В самой середине сухого пространства высилось нечто вроде бобровой хатки, только выстроенной почему-то далеко от воды. Вниз вёл узкий наклонный ход. Из дыры тянуло тухлятиной.
Человек с отвращением покачал головой. Достал нож, срезал несколько веток и принялся плести нечто вроде грубой пятиугольной люльи, каким ребятишки играют в «зацепи-сохрани». Сплёл, полез за пазуху, извлёк небольшой плоский пузырёк коричневого стекла, аккуратно капнул на каждый из пяти углов получившегося плетения и что было силы зашвырнул своё «изделие» в тёмный лаз. Выдернул нож, остриём поспешно очертил круг, встал в него и застыл, скрестив на груди руки. Тусклое солнце нехотя блеснуло на серой стали широкого клинка, испещрённого грубо прокованными пупырчатыми рунами.
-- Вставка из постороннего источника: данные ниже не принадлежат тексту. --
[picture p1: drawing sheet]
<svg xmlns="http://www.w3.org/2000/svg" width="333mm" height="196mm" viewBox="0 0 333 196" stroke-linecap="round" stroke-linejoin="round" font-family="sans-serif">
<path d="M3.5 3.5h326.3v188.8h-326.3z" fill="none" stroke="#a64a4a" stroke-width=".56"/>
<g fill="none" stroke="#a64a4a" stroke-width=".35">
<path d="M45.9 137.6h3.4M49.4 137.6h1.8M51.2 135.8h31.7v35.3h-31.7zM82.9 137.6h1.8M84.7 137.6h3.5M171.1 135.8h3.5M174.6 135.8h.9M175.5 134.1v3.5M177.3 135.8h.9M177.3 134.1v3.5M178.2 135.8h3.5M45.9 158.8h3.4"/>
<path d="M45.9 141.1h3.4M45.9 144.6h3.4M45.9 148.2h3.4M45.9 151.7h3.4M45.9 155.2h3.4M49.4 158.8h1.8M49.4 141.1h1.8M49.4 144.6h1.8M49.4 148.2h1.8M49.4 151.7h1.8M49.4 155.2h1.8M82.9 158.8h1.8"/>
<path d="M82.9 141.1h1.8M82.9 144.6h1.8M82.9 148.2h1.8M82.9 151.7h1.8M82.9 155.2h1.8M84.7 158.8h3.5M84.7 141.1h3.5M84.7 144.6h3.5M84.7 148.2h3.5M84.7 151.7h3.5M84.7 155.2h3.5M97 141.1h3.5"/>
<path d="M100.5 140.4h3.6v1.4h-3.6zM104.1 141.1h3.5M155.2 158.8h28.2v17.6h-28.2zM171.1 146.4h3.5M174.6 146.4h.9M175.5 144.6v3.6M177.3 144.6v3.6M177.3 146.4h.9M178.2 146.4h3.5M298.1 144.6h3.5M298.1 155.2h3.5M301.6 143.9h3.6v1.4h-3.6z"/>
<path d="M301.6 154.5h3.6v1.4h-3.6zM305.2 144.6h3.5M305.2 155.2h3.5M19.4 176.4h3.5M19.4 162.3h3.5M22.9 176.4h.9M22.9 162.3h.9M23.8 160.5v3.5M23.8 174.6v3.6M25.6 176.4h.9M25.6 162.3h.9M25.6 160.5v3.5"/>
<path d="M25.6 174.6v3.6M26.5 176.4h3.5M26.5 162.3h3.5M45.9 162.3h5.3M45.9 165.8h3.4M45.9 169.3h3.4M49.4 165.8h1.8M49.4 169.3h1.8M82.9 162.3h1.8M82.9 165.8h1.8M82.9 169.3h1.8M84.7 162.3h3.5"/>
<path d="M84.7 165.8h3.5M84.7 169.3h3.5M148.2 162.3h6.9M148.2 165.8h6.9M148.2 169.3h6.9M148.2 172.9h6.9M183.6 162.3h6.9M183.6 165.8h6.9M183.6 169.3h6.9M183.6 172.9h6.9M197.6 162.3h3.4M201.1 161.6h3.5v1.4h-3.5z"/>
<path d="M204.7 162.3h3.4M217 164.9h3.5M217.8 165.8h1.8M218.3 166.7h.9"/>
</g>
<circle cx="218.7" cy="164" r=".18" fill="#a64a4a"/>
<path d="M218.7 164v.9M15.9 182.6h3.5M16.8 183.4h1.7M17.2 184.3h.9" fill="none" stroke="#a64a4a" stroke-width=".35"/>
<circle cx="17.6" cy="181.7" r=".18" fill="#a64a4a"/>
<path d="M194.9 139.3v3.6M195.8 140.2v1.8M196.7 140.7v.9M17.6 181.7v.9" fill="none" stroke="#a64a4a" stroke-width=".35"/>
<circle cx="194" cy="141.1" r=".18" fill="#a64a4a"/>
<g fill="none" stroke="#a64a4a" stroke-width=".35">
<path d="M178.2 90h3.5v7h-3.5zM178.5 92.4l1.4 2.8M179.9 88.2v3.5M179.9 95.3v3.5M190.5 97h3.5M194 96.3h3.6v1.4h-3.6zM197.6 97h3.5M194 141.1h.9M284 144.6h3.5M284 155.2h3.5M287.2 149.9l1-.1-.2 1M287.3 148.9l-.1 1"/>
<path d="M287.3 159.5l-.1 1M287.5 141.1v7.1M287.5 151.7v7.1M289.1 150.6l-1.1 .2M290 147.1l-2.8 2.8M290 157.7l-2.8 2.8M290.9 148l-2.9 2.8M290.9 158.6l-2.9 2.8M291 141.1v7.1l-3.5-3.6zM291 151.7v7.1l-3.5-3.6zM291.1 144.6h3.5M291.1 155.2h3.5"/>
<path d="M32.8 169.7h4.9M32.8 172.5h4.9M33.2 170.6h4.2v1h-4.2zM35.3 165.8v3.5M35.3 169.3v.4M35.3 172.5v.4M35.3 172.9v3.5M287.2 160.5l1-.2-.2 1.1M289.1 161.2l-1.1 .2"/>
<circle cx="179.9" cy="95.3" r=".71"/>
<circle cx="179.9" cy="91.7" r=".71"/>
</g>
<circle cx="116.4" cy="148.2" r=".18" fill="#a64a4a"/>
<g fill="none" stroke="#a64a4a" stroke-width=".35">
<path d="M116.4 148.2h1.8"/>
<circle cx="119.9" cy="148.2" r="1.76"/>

Некоторое время спустя из-под земли послышался писк, словно несколько сотен крыс устроили там отчаянную битву. Крыша из плотно сложенных веток и кусков дёрна заходила ходуном, с громким треском разлетелась в самой середине, наружу высунулась гротексно-человеческая рожа: плоская, с широко разинутыми круглыми глазами, свойственными скорее ночному обитателю, вывернутыми наизнанку и смотрящими вперёд ноздрями, исполосованная белесыми шрамами. Рожа широко распахнула рот, наполненный мелкими остренькими зубами, торчавшими аж в три ряда, и истошно заголосила.
Человек вновь поморщился, вкладывая кинжал в ножны и зажимая ладонями уши.
Из лаза тем временем медленно поползли струйки дыма, лениво, словно упираясь. Невидимые крысы продолжали отчаянно пищать.
Дым отвратительно вонял, горелым пером, мокрой тлеющей шерстью, псиной и ещё чем-то куда хуже псины. Сладковатый запах стал почти нестерпим.
– Боооольно! – наконец прорезалось в вое плосколицей твари нечто осмысленное. – Всё отдам! Всё! Пощади!.. Всё твоё будет!
– Говори слово, – невозмутимо бросил стоявший в круге человек, опять извлекая широкий нож и со скучающим видом им поигрывая.
– Ы-ы-ы-ы! Ее-е-ет!
– Отказываешься, значит? – меланхолично бросил человек, отворачиваясь от явно застрявшей в крыше своего жилища твари.
Болотный обитатель завертел уродливой лысой башкой, задёргался, затрепыхался, но невидимые путы держали крепко. На жуткой физиономии существа смешивались сейчас и му́ка, и отчаяние, из круглых глаз текли крупные желтоватые слёзы.
– Плачешь? – человек нагнулся, поднял что-то с земли, выдирая из-под плотно налезшего слоя мха. – Они вот тоже плакали.
Руки его в грубых перчатках чёрной кожи держали небольшой человеческий череп – скорее всего, ребёнка. Левая височная кость была размозжена.
Желтолицый задергался, пытаясь разметать крышу, но подпиравшие подбородок ветки держали крепко, неожиданно обретя прочность стальных оков.